A non-crossing pairing of size $n$ is commonly defined by linearly arranging $n$ objects and pairing them up with "brackets" that don't cross. Equivalently, if $a<b<c<d$, then we can't pair as $(a,c), (b,d)$.
I'm curious about the following generalization: the linearly arranged objects can be thought of as forming a linear graph with edges connecting neighboring elements as in $\cdots i-1 \leftrightarrow i \leftrightarrow i+1\cdots $. Now what if the objects are connected in some other graph type, say for example, a tree? Now the condition would be: take the unique path connecting $b-d$. If $c$ is on this path and $a$ is not, then we can't pair as $(a,c), (b,d)$.
Are there any results on counting this type of structure? The holy grail for me would be the generating function $f(z)=\sum_n a_n z^n$ where $a_n$ counts the number of non-crossing pairings on any rooted plane tree with $n$ edges. Even knowing the generating function up to a few unknown constants would be fine.

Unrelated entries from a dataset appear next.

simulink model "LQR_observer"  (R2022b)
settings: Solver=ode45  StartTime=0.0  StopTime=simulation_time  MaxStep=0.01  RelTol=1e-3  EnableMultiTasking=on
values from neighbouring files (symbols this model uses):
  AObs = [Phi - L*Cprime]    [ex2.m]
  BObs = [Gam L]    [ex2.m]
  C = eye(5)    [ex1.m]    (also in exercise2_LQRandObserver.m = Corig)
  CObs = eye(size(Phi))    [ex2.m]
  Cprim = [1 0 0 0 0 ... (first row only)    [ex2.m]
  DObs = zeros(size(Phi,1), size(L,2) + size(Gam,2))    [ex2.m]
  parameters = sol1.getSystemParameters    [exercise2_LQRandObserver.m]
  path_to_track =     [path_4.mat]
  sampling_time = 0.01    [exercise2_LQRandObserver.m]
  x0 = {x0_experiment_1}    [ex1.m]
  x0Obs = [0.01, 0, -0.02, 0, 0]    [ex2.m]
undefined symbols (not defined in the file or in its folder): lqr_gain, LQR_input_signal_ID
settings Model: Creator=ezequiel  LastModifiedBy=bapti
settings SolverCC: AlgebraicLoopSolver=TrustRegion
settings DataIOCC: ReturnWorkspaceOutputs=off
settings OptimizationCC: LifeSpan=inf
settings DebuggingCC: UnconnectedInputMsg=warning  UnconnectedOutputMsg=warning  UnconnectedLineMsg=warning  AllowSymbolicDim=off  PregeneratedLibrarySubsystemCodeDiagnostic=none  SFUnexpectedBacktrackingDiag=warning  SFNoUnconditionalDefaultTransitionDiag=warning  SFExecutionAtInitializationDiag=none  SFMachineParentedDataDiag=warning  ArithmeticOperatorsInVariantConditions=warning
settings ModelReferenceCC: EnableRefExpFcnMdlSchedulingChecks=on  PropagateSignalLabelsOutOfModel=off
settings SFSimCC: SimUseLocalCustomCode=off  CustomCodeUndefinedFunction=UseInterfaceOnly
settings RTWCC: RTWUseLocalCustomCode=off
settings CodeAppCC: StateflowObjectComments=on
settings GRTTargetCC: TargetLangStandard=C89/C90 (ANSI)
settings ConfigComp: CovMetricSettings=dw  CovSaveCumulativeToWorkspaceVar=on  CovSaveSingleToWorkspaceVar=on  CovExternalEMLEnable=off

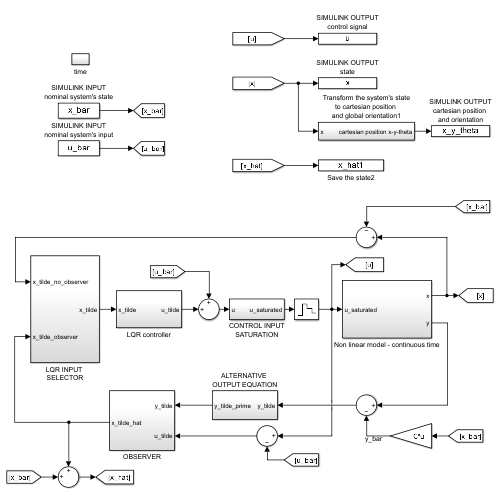
[thumbnail: Simulink's stored preview of the top-level diagram]
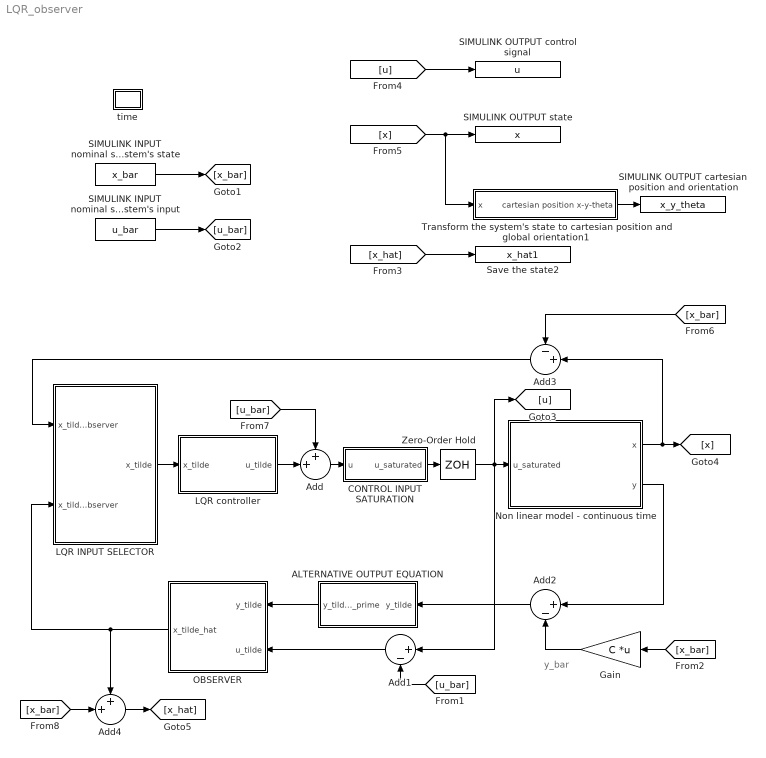
== system LQR_observer ==
  note: y_bar
  ALTERNATIVE OUTPUT EQUATION : Subsystem
  Add : Sum  Inputs=++|
  Add1 : Sum  Inputs=|+-
  Add2 : Sum  Inputs=|+-
  Add3 : Sum  Inputs=-+|
  Add4 : Sum  Inputs=++|
  CONTROL INPUT SATURATION : Subsystem
  Gain : Gain  Gain=C  Multiplication=Matrix(K*u)
  LQR INPUT SELECTOR : Subsystem
  LQR controller : Subsystem
  Non linear model - continuous time : Subsystem
  OBSERVER : Subsystem
  SIMULINK INPUT nominal system's input : FromWorkspace  VariableName=u_bar  SampleTime=sampling_time  OutputAfterFinalValue=Holding final value
  SIMULINK INPUT nominal system's state : FromWorkspace  VariableName=x_bar  SampleTime=sampling_time  OutputAfterFinalValue=Holding final value
  SIMULINK OUTPUT cartesian position and orientation : ToWorkspace  VariableName=x_y_theta  SampleTime=-1
  SIMULINK OUTPUT control signal : ToWorkspace  VariableName=u  SampleTime=-1
  SIMULINK OUTPUT state : ToWorkspace  VariableName=x  SampleTime=-1
  Save the state2 : ToWorkspace  VariableName=x_hat1  SampleTime=-1
  Transform the system's state to cartesian position and global orientation1 : Subsystem
  Zero-Order Hold : ZeroOrderHold  SampleTime=sampling_time
  time : Subsystem
  wires:
  SIMULINK INPUT nominal system's state/1 -> [x_bar]
  SIMULINK INPUT nominal system's input/1 -> [u_bar]
  [u] -> SIMULINK OUTPUT control signal/1
  [x] -> Transform the system's state to cartesian position and global orientation1/1(x), SIMULINK OUTPUT state/1
  Transform the system's state to cartesian position and global orientation1/1(cartesian position x-y-theta) -> SIMULINK OUTPUT cartesian position and orientation/1
  LQR INPUT SELECTOR/1(x_tilde) -> LQR controller/1(x_tilde)
  LQR controller/1(u_tilde) -> Add/2
  Add/1 -> CONTROL INPUT SATURATION/1(u)
  [u_bar] -> Add/1
  ALTERNATIVE OUTPUT EQUATION/1(y_tilde_prime) -> OBSERVER/1(y_tilde)
  OBSERVER/1(x_tilde_hat) -> LQR INPUT SELECTOR/2(x_tilde_observer), Add4/1
  [u_bar] -> Add1/2
  Add1/1 -> OBSERVER/2(u_tilde)
  [x_bar] -> Gain/1
  Gain/1 -> Add2/2
  Non linear model - continuous time/2(y) -> Add2/1
  Add2/1 -> ALTERNATIVE OUTPUT EQUATION/1(y_tilde)
  Non linear model - continuous time/1(x) -> [x], Add3/2
  Add3/1 -> LQR INPUT SELECTOR/1("x_tilde_no_observer ")
  [x_hat] -> Save the state2/1
  [x_bar] -> Add4/2
  Add4/1 -> [x_hat]
  [x_bar] -> Add3/1
  CONTROL INPUT SATURATION/1(u_saturated) -> Zero-Order Hold/1
  Zero-Order Hold/1 -> Add1/1, [u], Non linear model - continuous time/1(u_saturated)

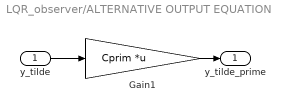
== system LQR_observer/ALTERNATIVE OUTPUT EQUATION ==
  y_tilde : Inport
  Gain1 : Gain  Gain=Cprim  Multiplication=Matrix(K*u)
  y_tilde_prime : Outport  VectorParamsAs1DForOutWhenUnconnected=off
  wires:
  Gain1/1 -> y_tilde_prime/1
  y_tilde/1 -> Gain1/1

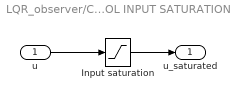
== system LQR_observer/CONTROL INPUT SATURATION ==
  u : Inport
  Input saturation : Saturate  UpperLimit=[Inf;4*pi]  LowerLimit=[0;-4*pi]
  u_saturated : Outport  VectorParamsAs1DForOutWhenUnconnected=off
  wires:
  u/1 -> Input saturation/1
  Input saturation/1 -> u_saturated/1

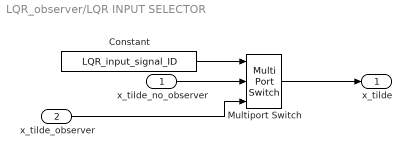
== system LQR_observer/LQR INPUT SELECTOR ==
  "x_tilde_no_observer " : Inport  PortDimensions=5
  x_tilde_observer : Inport  Port=2  PortDimensions=5
  Constant : Constant  Value=LQR_input_signal_ID
  Multiport Switch : MultiPortSwitch  Inputs=2  SaturateOnIntegerOverflow=off  InputSameDT=off
  x_tilde : Outport  VectorParamsAs1DForOutWhenUnconnected=off
  wires:
  "x_tilde_no_observer "/1 -> Multiport Switch/2
  x_tilde_observer/1 -> Multiport Switch/3
  Constant/1 -> Multiport Switch/1
  Multiport Switch/1 -> x_tilde/1

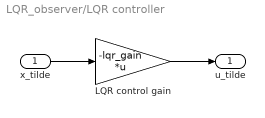
== system LQR_observer/LQR controller ==
  x_tilde : Inport  PortDimensions=5
  LQR control gain : Gain  Gain=-lqr_gain  Multiplication=Matrix(K*u)
  u_tilde : Outport  VectorParamsAs1DForOutWhenUnconnected=off
  wires:
  x_tilde/1 -> LQR control gain/1
  LQR control gain/1 -> u_tilde/1

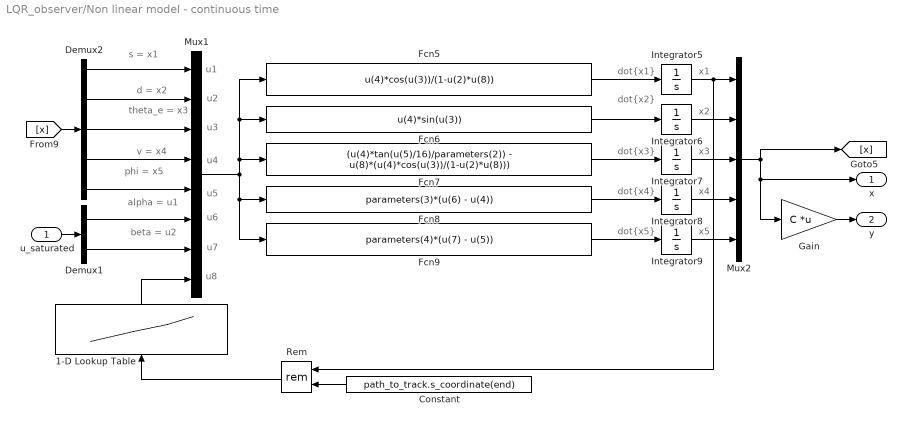
== system LQR_observer/Non linear model - continuous time ==
  note: s = x1
  note: dot{x1}
  note: d = x2
  note: theta_e = x3
  note: v = x4
  note: phi = x5
  note: alpha = u1
  note: beta = u2
  note: u1
  note: u2
  note: u3
  note: u4
  note: u5
  note: u6
  note: u7
  note: x1
  note: dot{x2}
  note: x2
  note: dot{x3}
  note: x3
  note: dot{x4}
  note: x4
  note: dot{x5}
  note: x5
  note: u8
  u_saturated : Inport
  1-D Lookup Table : Lookup_n-D  NumberOfTableDimensions=1  BreakpointsForDimension1=path_to_track.s_coordinate  Table=path_to_track.curvature  InternalRulePriority=Speed  RndMeth=Simplest
  Constant : Constant  Value=path_to_track.s_coordinate(end)
  Demux1 : Demux  Outputs=2
  Demux2 : Demux  Outputs=5
  Fcn5 : Fcn  Expr=u(4)*cos(u(3))/(1-u(2)*u(8))
  Fcn6 : Fcn  Expr=u(4)*sin(u(3))
  Fcn7 : Fcn  Expr=(u(4)*tan(u(5)/16)/parameters(2)) - u(8)*(u(4)*cos(u(3))/(1-u(2)*u(8)))
  Fcn8 : Fcn  Expr=parameters(3)*(u(6) - u(4))
  Fcn9 : Fcn  Expr=parameters(4)*(u(7) - u(5))
  Gain : Gain  Gain=C  Multiplication=Matrix(K*u)
  Integrator5 : Integrator  InitialCondition=x0(1)
  Integrator6 : Integrator  InitialCondition=x0(2)
  Integrator7 : Integrator  InitialCondition=x0(3)
  Integrator8 : Integrator  InitialCondition=x0(4)
  Integrator9 : Integrator  InitialCondition=x0(5)
  Mux1 : Mux  Inputs=8
  Mux2 : Mux  Inputs=5
  Rem : Math  Operator=rem  SignedPower=on
  x : Outport  VectorParamsAs1DForOutWhenUnconnected=off
  y : Outport  Port=2  VectorParamsAs1DForOutWhenUnconnected=off
  wires:
  u_saturated/1 -> Demux1/1
  Demux2/1 -> Mux1/1
  Demux2/2 -> Mux1/2
  Demux2/3 -> Mux1/3
  Demux2/4 -> Mux1/4
  Demux2/5 -> Mux1/5
  Demux1/1 -> Mux1/6
  Demux1/2 -> Mux1/7
  Integrator6/1 -> Mux2/2
  Integrator7/1 -> Mux2/3
  Integrator8/1 -> Mux2/4
  Integrator9/1 -> Mux2/5
  [x] -> Demux2/1
  1-D Lookup Table/1 -> Mux1/8
  Rem/1 -> 1-D Lookup Table/1
  Constant/1 -> Rem/2
  Integrator5/1 -> Rem/1, Mux2/1
  Mux2/1 -> Gain/1, x/1, [x]
  Gain/1 -> y/1
  Mux1/1 -> Fcn6/1, Fcn5/1, Fcn7/1, Fcn9/1, Fcn8/1
  Fcn8/1 -> Integrator8/1
  Fcn9/1 -> Integrator9/1
  Fcn7/1 -> Integrator7/1
  Fcn5/1 -> Integrator5/1
  Fcn6/1 -> Integrator6/1

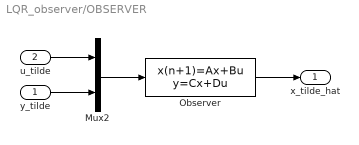
== system LQR_observer/OBSERVER ==
  y_tilde : Inport
  u_tilde : Inport  Port=2
  Mux2 : Mux  Inputs=2
  Observer : DiscreteStateSpace  A=AObs  B=BObs  C=CObs  D=DObs  InitialCondition=x0Obs  SampleTime=sampling_time
  x_tilde_hat : Outport  VectorParamsAs1DForOutWhenUnconnected=off
  wires:
  u_tilde/1 -> Mux2/1
  y_tilde/1 -> Mux2/2
  Mux2/1 -> Observer/1
  Observer/1 -> x_tilde_hat/1

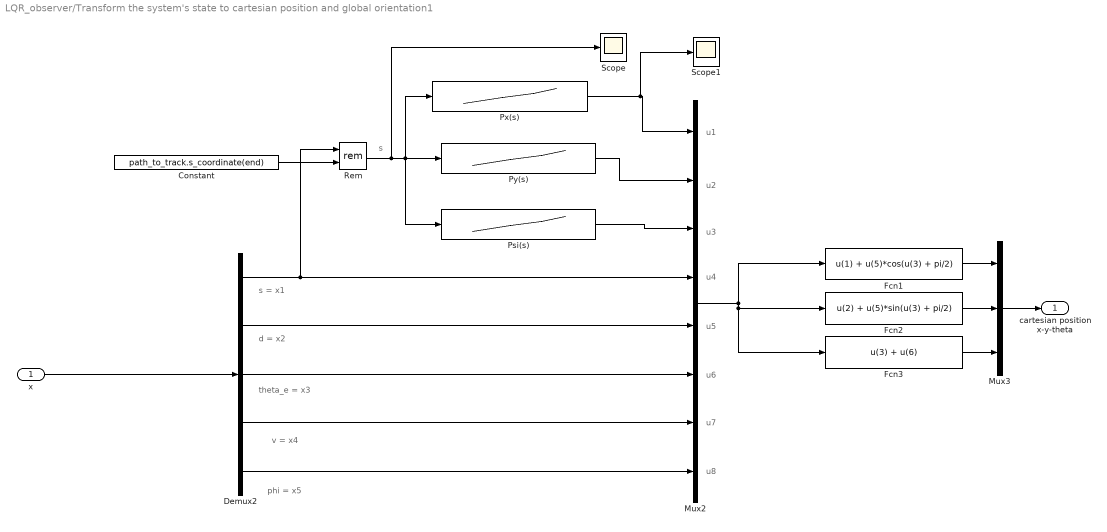
== system LQR_observer/Transform the system's state to cartesian position and global orientation1 ==
  note: s
  note: s = x1
  note: d = x2
  note: theta_e = x3
  note: v = x4
  note: phi = x5
  note: u1
  note: u2
  note: u3
  note: u4
  note: u5
  note: u6
  note: u7
  note: u8
  x : Inport
  Constant : Constant  Value=path_to_track.s_coordinate(end)
  Demux2 : Demux  Outputs=5
  Fcn1 : Fcn  Expr=u(1) + u(5)*cos(u(3) + pi/2)
  Fcn2 : Fcn  Expr=u(2) + u(5)*sin(u(3) + pi/2)
  Fcn3 : Fcn  Expr=u(3) + u(6)
  Mux2 : Mux  Inputs=8
  Mux3 : Mux  Inputs=3
  Psi(s) : Lookup_n-D  NumberOfTableDimensions=1  BreakpointsForDimension1=path_to_track.s_coordinate  Table=path_to_track.orientation  InternalRulePriority=Speed  RndMeth=Simplest
  Px(s) : Lookup_n-D  NumberOfTableDimensions=1  BreakpointsForDimension1=path_to_track.s_coordinate  Table=path_to_track.coordinates(:,1)  InternalRulePriority=Speed  RndMeth=Simplest
  Py(s) : Lookup_n-D  NumberOfTableDimensions=1  BreakpointsForDimension1=path_to_track.s_coordinate  Table=path_to_track.coordinates(:,2)  InternalRulePriority=Speed  RndMeth=Simplest
  Rem : Math  Operator=rem  SignedPower=on
  Scope : Scope
  Scope1 : Scope
  cartesian position x-y-theta : Outport  VectorParamsAs1DForOutWhenUnconnected=off
  wires:
  Demux2/1 -> Mux2/4, Rem/1
  Mux3/1 -> cartesian position x-y-theta/1
  x/1 -> Demux2/1
  Rem/1 -> Scope/1, Psi(s)/1, Px(s)/1, Py(s)/1
  Constant/1 -> Rem/2
  Px(s)/1 -> Scope1/1, Mux2/1
  Py(s)/1 -> Mux2/2
  Psi(s)/1 -> Mux2/3
  Mux2/1 -> Fcn3/1, Fcn2/1, Fcn1/1
  Fcn1/1 -> Mux3/1
  Fcn2/1 -> Mux3/2
  Fcn3/1 -> Mux3/3
  Demux2/2 -> Mux2/5
  Demux2/3 -> Mux2/6
  Demux2/4 -> Mux2/7
  Demux2/5 -> Mux2/8

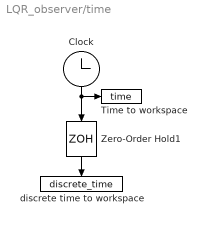
== system LQR_observer/time ==
  Clock : Clock
  Time to workspace : ToWorkspace  VariableName=time  SampleTime=-1
  Zero-Order Hold1 : ZeroOrderHold  SampleTime=sampling_time
  discrete time to workspace : ToWorkspace  VariableName=discrete_time  SampleTime=-1
  wires:
  Clock/1 -> Zero-Order Hold1/1, Time to workspace/1
  Zero-Order Hold1/1 -> discrete time to workspace/1

I've managed to come up with a counting argument and write down a horrible-looking functional equation involving $f'$ and terms like $f(x)$ and $f\left(\frac{1}{1-\sqrt{x}}\right)$, which I can describe if anyone's interested (it would take a bit to write out and I'd prefer to do it only if it'd help). I'm worried that this might be as good as it gets, but I still had some hope that I had overlooked a simpler counting argument.